+++ Task input

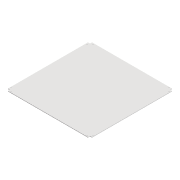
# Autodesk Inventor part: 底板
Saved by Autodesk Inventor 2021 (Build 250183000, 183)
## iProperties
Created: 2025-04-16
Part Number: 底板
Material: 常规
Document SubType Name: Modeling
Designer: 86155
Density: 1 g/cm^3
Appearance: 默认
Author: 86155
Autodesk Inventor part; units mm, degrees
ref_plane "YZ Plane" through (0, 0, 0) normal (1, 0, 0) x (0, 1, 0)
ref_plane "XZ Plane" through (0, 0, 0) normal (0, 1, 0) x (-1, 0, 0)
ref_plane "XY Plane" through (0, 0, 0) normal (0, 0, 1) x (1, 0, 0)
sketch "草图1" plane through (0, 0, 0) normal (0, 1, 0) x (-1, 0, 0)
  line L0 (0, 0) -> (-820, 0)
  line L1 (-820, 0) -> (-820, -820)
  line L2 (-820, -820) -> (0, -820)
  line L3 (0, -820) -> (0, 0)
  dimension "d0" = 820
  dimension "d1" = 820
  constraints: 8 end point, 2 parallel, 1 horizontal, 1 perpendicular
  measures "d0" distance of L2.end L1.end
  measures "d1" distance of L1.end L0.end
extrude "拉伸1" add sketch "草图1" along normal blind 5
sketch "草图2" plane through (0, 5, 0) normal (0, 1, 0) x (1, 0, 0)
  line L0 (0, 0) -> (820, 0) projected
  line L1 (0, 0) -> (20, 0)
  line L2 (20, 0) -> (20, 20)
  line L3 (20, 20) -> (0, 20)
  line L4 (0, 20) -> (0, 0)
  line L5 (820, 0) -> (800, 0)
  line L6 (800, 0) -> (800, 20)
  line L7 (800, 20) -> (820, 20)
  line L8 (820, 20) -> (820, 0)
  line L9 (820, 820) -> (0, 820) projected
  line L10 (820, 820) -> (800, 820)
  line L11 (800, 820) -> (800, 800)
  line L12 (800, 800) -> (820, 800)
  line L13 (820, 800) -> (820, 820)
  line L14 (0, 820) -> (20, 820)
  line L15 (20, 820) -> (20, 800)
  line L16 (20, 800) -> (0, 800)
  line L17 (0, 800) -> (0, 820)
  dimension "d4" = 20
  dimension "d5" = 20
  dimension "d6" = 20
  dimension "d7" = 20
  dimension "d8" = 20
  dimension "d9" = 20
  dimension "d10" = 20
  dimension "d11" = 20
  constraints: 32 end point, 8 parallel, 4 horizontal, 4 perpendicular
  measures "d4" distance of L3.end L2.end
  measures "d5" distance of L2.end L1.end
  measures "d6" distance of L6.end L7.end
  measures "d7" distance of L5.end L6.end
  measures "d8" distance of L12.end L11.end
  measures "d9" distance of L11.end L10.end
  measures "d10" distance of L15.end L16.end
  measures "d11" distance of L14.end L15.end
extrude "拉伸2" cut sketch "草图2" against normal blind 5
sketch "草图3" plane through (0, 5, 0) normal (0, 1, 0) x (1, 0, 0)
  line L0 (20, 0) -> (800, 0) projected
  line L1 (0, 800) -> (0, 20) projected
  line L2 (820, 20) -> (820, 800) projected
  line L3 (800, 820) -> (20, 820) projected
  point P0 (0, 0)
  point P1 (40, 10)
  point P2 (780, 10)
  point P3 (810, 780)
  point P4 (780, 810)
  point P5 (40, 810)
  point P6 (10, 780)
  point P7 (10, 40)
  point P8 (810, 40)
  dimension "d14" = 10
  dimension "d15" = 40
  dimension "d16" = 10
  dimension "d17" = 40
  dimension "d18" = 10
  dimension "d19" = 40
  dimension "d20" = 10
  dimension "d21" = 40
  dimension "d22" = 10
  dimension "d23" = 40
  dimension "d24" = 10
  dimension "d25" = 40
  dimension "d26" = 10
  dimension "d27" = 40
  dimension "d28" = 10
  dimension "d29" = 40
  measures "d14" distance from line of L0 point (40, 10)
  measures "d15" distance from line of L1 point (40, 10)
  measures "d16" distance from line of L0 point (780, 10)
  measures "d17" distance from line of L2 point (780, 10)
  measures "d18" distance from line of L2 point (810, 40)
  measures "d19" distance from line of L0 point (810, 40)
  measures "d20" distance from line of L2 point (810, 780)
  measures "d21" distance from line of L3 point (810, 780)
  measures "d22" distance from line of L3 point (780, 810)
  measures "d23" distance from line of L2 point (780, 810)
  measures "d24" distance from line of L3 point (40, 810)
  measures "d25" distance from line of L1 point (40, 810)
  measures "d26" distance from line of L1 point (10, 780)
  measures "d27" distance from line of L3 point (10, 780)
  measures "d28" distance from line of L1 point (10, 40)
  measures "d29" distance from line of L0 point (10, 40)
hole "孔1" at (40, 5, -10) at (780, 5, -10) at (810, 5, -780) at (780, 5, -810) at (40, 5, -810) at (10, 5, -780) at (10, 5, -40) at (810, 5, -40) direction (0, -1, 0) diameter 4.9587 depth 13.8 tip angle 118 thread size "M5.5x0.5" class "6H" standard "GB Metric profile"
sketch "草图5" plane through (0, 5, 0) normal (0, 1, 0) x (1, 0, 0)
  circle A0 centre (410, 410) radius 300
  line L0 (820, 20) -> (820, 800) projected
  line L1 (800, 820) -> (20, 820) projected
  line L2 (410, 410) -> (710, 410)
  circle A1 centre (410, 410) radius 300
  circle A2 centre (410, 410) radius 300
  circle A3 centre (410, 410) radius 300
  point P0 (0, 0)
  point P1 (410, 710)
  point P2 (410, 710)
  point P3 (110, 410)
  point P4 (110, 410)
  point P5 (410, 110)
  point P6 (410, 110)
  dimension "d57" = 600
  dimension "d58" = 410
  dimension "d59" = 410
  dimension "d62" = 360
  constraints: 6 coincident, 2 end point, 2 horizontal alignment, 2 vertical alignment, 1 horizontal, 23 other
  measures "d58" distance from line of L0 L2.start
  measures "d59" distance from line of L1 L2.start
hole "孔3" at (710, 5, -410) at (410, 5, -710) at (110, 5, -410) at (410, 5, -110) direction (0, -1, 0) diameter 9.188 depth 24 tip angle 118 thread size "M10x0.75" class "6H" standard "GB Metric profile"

++++++

## Work to be completed
Look through the entries above and quote exactly the lines from the line with "of L12.end L11.end" to the line with "against normal blind 5", counting both of those lines.

## Written response
  measures "d8" distance of L12.end L11.end
  measures "d9" distance of L11.end L10.end
  measures "d10" distance of L15.end L16.end
  measures "d11" distance of L14.end L15.end
extrude "拉伸2" cut sketch "草图2" against normal blind 5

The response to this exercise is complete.